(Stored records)
+===+

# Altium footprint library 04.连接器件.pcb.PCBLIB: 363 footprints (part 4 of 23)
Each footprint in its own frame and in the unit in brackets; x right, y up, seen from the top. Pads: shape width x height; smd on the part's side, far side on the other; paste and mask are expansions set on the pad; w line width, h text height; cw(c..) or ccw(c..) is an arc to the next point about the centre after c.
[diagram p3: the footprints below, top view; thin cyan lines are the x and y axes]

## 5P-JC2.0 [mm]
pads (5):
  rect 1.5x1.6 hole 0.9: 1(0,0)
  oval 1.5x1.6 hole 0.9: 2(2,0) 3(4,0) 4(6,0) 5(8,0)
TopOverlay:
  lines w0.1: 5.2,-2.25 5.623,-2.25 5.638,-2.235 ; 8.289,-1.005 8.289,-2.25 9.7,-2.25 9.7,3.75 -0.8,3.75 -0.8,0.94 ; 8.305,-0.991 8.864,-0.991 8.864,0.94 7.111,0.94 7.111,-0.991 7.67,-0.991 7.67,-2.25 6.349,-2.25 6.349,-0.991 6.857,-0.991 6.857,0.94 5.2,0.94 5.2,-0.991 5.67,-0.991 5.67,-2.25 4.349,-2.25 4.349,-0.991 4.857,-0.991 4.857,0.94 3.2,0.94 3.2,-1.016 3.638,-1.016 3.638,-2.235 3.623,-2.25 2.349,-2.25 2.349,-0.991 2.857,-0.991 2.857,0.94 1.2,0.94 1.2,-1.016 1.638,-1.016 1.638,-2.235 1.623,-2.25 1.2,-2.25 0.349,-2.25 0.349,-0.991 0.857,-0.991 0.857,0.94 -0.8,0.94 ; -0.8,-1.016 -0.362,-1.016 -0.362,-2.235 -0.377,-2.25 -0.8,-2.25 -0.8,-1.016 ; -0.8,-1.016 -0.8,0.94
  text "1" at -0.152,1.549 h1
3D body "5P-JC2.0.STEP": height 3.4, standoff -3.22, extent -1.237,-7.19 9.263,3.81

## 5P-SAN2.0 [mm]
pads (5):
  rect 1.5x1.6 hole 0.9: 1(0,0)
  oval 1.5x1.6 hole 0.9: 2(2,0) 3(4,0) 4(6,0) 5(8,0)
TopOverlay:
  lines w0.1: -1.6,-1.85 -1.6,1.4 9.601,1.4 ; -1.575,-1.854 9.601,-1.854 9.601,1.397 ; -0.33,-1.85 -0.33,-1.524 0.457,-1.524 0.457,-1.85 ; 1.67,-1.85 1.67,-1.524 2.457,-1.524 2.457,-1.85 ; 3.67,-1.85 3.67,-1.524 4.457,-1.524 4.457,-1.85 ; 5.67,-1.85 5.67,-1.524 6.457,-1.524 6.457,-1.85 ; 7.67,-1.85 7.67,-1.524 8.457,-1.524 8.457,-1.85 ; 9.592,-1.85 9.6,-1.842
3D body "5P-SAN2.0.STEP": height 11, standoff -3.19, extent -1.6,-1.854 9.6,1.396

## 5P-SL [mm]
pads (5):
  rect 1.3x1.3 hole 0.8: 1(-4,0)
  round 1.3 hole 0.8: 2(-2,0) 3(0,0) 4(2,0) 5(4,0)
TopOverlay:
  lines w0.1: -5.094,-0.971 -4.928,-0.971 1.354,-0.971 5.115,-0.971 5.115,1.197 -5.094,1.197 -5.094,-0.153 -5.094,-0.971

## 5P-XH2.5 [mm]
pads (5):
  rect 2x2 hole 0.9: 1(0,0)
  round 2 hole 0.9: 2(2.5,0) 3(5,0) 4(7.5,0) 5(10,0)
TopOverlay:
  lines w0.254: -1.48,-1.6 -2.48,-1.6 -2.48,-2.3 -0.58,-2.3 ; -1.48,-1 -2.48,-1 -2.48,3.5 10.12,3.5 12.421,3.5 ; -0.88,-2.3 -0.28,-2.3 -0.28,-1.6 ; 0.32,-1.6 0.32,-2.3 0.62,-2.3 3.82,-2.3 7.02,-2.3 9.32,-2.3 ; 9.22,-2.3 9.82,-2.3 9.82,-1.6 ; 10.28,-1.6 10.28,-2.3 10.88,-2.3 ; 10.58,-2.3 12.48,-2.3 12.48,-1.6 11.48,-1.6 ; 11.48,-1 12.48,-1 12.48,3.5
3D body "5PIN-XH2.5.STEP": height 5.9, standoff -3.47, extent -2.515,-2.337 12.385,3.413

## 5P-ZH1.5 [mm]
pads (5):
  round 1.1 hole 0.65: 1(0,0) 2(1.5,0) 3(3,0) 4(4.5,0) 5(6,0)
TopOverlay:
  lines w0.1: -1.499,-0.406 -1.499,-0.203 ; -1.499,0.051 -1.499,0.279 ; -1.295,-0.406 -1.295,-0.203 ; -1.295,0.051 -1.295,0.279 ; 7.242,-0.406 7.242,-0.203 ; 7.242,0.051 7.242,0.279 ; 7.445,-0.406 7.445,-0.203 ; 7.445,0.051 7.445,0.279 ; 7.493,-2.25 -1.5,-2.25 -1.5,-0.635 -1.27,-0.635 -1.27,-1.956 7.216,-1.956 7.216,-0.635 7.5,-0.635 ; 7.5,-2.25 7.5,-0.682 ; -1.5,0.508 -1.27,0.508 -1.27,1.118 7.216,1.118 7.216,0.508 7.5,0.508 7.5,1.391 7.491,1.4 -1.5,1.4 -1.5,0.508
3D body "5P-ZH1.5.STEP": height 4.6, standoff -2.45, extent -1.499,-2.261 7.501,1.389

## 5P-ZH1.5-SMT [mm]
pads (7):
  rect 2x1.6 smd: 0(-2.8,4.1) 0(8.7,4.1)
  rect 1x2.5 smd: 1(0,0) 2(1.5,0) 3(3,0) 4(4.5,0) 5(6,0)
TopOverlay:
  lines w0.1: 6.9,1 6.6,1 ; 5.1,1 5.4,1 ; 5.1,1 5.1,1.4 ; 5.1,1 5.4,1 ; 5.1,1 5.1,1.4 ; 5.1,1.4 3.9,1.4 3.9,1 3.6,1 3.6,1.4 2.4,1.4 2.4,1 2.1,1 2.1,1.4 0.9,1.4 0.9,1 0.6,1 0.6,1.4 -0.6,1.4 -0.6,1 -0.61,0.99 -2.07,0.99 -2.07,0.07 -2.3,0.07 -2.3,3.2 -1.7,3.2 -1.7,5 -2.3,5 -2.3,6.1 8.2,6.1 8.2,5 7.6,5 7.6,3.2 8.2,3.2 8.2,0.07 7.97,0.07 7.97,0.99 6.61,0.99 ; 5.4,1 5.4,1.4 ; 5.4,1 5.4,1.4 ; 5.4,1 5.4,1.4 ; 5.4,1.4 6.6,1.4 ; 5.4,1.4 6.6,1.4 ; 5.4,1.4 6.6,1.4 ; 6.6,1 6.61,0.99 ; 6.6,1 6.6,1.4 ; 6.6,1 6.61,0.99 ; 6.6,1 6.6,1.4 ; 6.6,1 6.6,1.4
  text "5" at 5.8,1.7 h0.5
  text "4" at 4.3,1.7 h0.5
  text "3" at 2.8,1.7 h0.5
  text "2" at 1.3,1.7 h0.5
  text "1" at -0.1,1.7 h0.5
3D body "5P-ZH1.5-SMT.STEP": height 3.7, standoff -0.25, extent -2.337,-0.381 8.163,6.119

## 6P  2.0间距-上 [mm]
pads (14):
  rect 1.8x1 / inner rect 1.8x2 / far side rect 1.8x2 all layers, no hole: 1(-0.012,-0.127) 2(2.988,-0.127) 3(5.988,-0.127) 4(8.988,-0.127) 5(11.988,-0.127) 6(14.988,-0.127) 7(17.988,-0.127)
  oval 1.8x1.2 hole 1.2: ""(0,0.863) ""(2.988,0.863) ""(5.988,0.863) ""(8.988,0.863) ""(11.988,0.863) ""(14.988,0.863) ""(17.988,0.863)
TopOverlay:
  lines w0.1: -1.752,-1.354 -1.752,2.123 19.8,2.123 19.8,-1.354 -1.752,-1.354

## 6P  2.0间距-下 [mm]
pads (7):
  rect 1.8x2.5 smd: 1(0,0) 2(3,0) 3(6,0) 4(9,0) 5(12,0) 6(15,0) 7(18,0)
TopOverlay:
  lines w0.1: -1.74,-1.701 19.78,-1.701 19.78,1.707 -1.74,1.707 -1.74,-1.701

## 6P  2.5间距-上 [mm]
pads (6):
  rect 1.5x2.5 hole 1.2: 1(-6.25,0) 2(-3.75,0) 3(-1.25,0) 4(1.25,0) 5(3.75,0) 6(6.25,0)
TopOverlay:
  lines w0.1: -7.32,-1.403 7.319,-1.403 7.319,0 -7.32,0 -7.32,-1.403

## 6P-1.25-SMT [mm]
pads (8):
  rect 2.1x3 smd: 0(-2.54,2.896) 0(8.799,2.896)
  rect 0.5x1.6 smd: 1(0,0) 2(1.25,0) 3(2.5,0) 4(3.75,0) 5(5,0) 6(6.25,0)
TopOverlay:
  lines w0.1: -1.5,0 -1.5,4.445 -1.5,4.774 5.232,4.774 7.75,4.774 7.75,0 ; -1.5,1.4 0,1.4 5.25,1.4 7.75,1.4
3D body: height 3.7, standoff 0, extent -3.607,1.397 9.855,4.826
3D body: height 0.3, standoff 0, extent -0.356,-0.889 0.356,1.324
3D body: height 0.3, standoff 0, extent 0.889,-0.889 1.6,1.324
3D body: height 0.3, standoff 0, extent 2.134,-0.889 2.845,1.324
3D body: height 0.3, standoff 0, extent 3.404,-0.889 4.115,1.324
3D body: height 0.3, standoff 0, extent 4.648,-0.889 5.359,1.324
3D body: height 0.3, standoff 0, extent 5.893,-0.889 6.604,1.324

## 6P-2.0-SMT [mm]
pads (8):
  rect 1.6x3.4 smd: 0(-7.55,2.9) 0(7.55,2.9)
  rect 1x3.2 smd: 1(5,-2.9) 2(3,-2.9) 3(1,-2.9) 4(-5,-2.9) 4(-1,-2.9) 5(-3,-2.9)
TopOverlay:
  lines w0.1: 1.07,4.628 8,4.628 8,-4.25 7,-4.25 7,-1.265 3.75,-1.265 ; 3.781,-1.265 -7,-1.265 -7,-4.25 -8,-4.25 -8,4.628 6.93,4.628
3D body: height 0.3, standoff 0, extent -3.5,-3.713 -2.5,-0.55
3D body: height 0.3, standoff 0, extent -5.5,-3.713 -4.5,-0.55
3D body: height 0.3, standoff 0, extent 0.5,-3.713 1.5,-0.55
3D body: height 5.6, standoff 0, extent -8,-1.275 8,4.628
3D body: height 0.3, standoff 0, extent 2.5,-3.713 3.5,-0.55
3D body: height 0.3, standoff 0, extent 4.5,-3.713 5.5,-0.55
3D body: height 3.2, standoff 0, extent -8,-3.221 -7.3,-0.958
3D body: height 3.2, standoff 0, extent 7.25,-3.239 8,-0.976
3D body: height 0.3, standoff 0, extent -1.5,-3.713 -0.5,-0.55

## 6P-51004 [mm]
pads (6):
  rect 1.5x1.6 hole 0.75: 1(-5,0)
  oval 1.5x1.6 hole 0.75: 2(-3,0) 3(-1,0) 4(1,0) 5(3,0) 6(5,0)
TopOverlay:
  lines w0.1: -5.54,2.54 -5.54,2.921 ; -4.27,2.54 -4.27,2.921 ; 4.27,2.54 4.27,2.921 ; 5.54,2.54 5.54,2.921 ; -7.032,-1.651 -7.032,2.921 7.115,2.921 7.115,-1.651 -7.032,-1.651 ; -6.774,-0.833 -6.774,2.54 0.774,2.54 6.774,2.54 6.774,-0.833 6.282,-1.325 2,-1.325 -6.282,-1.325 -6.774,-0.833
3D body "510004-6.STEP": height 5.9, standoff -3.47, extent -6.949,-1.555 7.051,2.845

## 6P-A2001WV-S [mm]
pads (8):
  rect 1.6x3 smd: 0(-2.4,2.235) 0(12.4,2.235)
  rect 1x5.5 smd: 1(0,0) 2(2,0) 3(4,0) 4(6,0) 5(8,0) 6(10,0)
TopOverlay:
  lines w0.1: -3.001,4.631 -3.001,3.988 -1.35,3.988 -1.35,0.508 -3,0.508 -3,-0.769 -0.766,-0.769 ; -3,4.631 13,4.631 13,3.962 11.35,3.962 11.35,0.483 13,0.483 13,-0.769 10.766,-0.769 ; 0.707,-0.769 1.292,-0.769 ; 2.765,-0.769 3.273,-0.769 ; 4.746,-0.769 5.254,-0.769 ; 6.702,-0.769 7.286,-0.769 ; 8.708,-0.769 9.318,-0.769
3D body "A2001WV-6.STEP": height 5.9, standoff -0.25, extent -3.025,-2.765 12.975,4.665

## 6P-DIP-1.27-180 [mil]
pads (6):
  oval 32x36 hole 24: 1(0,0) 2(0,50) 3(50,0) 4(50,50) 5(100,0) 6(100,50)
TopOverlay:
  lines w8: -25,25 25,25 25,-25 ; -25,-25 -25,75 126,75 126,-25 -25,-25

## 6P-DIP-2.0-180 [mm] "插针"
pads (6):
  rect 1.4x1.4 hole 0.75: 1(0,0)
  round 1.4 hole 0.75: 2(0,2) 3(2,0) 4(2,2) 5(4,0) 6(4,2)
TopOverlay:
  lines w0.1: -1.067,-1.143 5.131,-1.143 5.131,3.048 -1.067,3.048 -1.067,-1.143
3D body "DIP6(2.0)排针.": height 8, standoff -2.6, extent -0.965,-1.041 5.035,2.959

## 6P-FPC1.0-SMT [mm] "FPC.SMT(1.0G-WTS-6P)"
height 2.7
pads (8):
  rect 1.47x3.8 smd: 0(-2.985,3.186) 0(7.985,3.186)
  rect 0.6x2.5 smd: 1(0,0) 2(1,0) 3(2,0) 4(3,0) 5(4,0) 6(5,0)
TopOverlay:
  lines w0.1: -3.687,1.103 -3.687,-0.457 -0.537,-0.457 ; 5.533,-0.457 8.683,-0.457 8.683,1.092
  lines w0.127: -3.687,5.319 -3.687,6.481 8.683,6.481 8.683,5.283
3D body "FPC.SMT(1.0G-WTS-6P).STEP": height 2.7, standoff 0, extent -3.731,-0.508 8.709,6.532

+===+

** Task details **
Return, from the data above, each line in which the string "footprints" appears.

** Answer for the task **
# Altium footprint library 04.连接器件.pcb.PCBLIB: 363 footprints (part 4 of 23)
[diagram p3: the footprints below, top view; thin cyan lines are the x and y axes]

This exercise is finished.